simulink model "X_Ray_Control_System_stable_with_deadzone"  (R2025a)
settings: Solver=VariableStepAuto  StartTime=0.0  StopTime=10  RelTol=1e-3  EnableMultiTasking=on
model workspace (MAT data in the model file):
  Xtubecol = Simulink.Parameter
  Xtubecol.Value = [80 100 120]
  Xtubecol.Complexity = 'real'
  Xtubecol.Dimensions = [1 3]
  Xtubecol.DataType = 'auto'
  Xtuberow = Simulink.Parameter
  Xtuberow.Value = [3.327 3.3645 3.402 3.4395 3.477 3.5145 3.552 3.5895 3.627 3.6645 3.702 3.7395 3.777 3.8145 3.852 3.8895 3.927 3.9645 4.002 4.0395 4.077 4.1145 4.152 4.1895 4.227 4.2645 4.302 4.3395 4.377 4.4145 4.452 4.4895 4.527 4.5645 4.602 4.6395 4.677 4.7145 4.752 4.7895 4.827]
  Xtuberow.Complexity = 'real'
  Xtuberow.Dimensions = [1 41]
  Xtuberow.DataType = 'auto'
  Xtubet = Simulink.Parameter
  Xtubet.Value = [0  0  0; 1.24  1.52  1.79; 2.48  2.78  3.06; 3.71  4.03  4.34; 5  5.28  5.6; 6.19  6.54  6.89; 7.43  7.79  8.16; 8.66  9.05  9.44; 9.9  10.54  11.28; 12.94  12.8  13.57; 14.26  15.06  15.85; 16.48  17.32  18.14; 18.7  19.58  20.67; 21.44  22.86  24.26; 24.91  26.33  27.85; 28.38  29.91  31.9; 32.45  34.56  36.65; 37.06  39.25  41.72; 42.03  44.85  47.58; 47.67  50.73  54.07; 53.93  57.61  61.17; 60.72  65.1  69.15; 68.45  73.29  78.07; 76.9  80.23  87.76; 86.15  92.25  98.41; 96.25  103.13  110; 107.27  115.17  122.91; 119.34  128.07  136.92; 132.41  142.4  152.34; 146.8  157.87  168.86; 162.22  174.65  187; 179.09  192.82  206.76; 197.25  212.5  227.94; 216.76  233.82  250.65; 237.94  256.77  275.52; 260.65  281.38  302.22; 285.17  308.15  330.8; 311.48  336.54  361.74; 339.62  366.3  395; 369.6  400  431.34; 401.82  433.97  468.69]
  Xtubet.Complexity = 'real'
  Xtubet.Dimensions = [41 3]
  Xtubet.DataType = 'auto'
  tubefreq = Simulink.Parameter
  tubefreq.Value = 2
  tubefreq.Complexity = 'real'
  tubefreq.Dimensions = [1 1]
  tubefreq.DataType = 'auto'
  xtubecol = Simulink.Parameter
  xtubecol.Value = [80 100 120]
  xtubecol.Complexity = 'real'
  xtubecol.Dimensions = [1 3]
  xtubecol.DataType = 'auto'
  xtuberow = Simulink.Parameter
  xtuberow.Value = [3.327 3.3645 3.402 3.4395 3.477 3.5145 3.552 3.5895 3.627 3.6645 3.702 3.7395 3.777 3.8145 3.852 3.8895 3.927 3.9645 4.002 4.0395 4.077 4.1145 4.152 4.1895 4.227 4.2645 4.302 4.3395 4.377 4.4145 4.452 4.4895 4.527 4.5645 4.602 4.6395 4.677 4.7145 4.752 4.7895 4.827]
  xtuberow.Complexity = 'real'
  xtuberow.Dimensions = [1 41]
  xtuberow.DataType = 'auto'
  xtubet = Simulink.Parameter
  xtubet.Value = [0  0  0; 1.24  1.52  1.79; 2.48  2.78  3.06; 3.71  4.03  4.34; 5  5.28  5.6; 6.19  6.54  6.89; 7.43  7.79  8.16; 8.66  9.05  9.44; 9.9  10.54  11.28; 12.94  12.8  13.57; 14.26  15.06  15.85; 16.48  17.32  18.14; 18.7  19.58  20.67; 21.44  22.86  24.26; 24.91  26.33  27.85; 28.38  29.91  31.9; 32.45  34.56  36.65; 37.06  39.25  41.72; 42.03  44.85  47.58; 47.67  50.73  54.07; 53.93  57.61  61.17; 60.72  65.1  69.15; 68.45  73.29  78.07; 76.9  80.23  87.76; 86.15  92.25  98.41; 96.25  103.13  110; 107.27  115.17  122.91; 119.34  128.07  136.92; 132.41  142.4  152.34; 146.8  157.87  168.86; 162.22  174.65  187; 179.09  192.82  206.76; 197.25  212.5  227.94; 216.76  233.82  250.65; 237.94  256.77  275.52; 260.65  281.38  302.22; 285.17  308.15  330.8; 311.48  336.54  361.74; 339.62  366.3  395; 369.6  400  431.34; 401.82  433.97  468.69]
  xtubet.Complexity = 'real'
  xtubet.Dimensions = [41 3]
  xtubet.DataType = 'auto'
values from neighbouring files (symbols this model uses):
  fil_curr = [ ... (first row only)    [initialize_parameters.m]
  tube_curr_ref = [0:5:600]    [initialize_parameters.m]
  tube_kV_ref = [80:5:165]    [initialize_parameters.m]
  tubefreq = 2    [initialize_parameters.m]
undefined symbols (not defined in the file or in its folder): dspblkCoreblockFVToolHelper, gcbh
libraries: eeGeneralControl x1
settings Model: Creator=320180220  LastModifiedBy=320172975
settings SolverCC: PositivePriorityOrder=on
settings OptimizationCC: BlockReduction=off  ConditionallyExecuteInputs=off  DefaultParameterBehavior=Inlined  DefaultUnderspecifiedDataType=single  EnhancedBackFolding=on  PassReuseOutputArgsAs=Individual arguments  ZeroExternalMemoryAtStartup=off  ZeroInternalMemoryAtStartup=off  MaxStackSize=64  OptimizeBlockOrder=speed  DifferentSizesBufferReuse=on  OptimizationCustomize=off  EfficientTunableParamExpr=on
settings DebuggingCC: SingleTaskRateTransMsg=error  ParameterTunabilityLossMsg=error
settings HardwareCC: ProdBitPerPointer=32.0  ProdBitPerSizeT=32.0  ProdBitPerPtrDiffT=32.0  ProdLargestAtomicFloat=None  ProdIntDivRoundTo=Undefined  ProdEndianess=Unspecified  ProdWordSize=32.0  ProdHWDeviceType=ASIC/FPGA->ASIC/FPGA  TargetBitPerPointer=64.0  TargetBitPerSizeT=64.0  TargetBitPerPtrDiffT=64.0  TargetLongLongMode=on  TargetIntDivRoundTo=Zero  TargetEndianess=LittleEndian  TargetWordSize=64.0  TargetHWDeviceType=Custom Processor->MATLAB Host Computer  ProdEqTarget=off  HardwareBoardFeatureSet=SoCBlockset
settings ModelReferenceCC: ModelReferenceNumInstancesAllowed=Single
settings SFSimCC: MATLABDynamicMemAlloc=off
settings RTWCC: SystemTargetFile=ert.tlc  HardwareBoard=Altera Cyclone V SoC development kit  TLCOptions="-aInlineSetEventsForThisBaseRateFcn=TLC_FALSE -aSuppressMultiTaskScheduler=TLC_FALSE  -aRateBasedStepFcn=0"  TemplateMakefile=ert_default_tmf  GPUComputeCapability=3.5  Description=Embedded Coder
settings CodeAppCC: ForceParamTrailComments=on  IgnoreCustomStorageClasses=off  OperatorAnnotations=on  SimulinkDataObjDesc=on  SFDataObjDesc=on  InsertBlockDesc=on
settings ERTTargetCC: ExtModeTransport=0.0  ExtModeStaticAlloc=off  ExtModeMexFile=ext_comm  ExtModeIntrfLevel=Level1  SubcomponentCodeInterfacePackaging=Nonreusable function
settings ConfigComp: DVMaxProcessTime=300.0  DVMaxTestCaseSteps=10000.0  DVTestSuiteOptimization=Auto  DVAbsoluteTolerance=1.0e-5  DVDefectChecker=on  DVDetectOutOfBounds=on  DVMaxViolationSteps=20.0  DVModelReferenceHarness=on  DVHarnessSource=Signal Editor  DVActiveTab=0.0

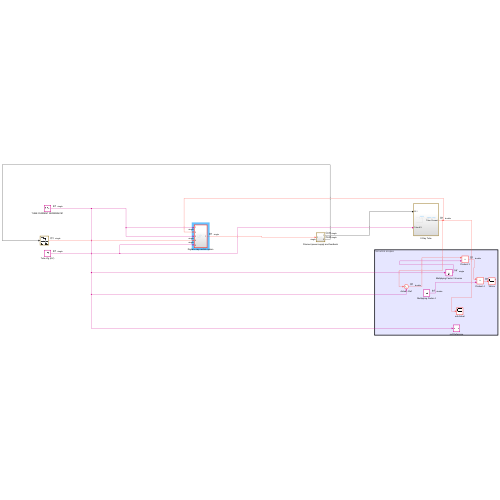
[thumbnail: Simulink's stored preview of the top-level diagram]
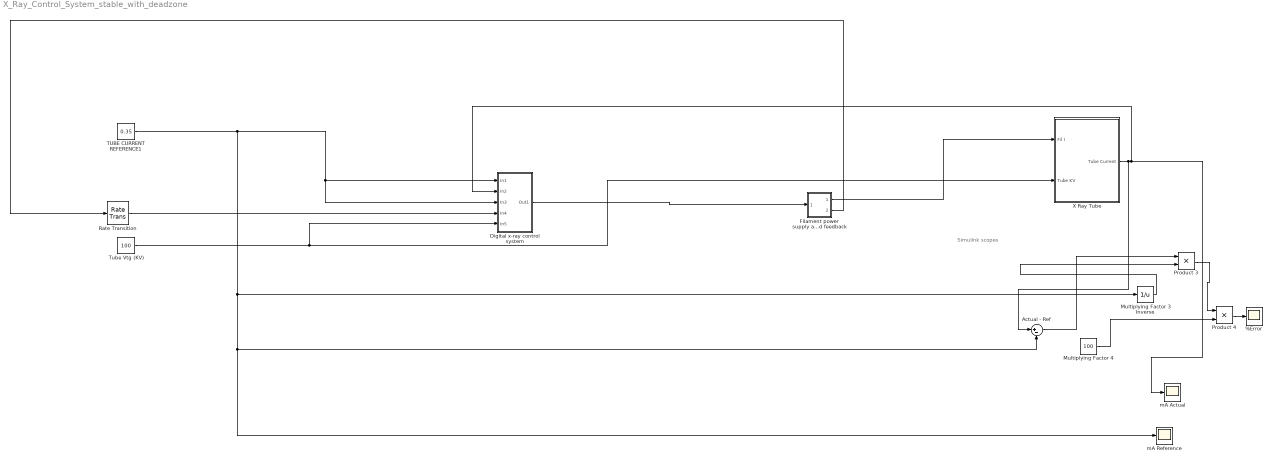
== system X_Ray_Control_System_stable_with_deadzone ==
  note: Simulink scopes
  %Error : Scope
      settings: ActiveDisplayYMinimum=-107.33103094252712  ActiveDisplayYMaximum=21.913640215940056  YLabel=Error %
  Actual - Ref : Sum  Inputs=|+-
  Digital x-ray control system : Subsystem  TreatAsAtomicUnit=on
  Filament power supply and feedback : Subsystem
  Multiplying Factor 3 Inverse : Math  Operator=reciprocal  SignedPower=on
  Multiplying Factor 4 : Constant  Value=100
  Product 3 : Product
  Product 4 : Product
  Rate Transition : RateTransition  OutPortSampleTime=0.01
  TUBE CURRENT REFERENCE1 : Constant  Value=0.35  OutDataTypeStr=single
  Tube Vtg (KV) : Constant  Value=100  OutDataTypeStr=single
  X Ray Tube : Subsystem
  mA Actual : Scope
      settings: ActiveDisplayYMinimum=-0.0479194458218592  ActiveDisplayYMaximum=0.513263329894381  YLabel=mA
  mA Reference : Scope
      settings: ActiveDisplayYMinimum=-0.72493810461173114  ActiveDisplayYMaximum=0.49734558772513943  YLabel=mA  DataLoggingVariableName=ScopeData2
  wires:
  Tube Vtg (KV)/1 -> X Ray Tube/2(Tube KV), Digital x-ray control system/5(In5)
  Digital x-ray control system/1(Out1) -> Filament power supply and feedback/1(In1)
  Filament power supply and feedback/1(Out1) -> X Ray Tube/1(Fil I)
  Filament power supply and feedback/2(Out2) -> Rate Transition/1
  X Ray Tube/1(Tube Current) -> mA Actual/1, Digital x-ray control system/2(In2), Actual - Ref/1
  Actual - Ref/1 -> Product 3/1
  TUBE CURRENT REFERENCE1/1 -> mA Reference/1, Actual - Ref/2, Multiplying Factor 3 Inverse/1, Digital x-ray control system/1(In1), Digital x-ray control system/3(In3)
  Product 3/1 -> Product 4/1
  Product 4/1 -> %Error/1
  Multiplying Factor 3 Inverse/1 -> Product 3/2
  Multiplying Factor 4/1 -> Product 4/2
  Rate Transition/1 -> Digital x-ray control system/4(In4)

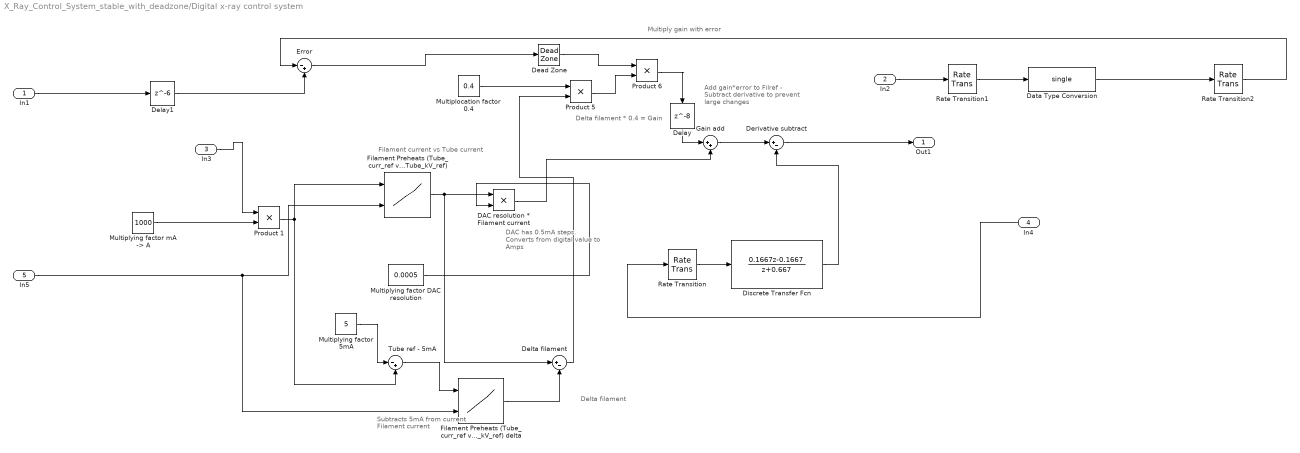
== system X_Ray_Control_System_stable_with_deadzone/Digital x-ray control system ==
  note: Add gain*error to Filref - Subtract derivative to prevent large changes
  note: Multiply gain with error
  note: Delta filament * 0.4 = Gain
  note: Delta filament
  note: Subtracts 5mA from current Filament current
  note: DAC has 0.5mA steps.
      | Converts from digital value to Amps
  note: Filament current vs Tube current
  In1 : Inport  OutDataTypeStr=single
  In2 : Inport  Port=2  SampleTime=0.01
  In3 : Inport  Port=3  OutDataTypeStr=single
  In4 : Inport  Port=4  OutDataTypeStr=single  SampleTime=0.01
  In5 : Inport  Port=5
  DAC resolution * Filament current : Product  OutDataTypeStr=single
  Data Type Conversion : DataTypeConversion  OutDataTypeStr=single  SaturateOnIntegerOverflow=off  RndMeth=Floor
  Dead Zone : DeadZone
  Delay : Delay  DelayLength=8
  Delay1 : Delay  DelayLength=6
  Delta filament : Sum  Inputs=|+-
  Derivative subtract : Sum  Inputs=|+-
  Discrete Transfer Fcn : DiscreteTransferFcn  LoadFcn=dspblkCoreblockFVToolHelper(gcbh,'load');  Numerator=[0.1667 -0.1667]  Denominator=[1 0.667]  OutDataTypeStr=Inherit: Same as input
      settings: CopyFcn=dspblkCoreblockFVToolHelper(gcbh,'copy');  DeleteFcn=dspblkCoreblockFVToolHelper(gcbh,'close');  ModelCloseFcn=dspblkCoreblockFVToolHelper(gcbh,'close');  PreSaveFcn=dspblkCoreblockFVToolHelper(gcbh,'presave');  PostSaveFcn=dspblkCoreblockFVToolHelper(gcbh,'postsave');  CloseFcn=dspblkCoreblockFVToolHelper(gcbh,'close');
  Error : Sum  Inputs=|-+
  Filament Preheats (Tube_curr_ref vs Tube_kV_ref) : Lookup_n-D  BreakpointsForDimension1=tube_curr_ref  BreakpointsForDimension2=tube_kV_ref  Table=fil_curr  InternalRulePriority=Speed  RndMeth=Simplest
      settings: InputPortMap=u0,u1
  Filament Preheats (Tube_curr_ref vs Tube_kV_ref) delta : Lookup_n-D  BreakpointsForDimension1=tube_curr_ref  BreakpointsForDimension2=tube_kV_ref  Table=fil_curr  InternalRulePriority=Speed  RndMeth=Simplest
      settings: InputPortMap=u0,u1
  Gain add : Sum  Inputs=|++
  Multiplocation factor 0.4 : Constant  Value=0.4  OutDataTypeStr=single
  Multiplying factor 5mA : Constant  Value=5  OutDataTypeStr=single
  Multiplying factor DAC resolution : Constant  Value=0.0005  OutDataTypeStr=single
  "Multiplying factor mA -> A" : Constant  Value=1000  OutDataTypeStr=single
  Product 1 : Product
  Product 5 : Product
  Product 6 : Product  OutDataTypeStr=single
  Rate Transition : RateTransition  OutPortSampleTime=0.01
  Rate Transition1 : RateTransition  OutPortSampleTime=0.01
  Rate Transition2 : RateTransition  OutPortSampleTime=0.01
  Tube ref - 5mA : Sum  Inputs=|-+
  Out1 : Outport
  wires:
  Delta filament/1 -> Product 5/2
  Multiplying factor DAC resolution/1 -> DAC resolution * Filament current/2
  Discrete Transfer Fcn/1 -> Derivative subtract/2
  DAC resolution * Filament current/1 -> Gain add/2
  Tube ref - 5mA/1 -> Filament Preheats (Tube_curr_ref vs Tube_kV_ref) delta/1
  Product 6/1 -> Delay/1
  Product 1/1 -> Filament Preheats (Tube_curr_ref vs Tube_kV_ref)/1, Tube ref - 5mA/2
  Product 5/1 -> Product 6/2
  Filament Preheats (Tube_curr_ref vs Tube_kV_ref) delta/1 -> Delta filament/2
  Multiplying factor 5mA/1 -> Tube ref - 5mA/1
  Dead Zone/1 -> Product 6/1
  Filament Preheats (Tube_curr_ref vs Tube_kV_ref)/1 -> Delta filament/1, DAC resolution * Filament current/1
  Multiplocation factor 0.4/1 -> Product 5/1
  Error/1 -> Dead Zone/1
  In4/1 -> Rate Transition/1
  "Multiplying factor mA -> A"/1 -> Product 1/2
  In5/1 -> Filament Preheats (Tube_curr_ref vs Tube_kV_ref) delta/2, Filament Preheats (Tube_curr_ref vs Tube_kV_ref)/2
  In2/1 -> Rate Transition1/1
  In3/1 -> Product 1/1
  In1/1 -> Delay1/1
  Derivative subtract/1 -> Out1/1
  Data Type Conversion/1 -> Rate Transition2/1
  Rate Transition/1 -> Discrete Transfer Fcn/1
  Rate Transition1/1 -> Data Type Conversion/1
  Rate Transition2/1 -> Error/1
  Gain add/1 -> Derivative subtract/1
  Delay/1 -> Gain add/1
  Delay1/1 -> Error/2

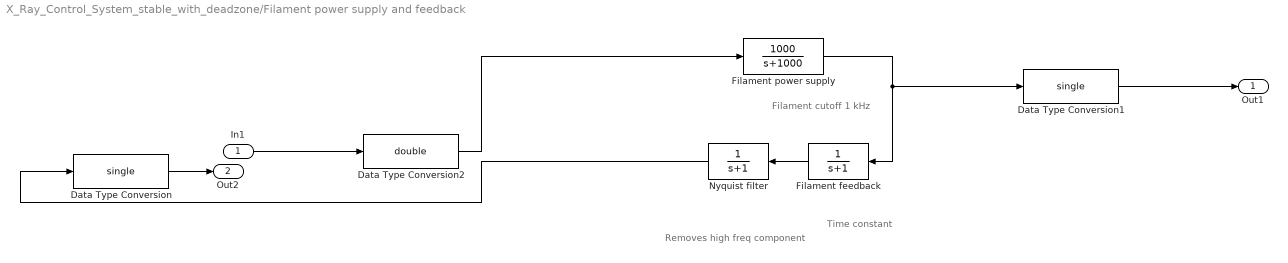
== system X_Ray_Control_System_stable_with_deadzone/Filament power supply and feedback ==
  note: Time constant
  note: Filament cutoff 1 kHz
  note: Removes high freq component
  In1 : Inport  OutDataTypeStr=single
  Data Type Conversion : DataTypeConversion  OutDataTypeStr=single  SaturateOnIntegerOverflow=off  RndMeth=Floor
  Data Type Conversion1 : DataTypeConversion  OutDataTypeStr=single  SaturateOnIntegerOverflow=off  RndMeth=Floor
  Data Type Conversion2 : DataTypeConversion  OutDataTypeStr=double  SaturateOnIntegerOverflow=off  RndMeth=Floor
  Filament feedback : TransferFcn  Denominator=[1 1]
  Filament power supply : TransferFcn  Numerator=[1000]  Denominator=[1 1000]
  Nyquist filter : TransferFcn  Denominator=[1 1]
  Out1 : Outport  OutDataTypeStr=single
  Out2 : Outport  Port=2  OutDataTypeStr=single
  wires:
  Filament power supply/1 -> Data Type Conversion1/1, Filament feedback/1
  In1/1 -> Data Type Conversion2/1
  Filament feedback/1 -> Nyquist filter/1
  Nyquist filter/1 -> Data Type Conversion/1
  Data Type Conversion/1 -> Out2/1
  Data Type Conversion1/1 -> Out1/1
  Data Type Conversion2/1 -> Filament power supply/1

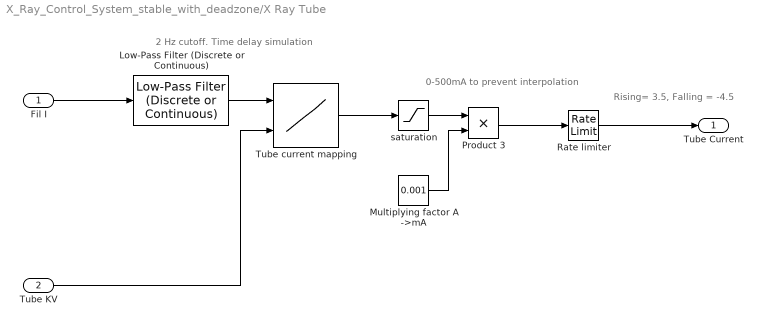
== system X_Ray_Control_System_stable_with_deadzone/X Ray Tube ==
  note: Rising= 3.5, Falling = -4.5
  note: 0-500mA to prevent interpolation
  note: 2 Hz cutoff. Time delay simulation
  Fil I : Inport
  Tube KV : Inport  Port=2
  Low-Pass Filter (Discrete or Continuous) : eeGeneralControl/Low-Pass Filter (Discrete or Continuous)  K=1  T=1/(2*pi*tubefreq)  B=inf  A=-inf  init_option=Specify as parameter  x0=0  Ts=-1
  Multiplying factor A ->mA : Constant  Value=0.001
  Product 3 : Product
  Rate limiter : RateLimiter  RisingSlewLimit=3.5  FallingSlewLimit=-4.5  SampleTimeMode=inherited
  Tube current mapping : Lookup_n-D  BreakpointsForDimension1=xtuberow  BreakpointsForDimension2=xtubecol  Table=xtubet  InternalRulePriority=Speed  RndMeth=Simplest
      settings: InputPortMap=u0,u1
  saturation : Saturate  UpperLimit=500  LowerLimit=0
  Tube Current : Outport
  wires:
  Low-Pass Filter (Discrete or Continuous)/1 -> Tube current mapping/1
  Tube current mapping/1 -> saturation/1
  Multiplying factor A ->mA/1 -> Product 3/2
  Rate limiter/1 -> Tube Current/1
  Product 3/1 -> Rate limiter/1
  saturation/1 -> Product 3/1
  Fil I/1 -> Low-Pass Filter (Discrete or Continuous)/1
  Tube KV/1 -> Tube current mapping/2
....
- **Requirement**
Give back exactly the lines above, from the line containing "note: Rising= 3.5, Falling = -4.5" through the line containing "Tube KV : Inport", with both end lines and nothing more.

- **Result**
  note: Rising= 3.5, Falling = -4.5
  note: 0-500mA to prevent interpolation
  note: 2 Hz cutoff. Time delay simulation
  Fil I : Inport
  Tube KV : Inport  Port=2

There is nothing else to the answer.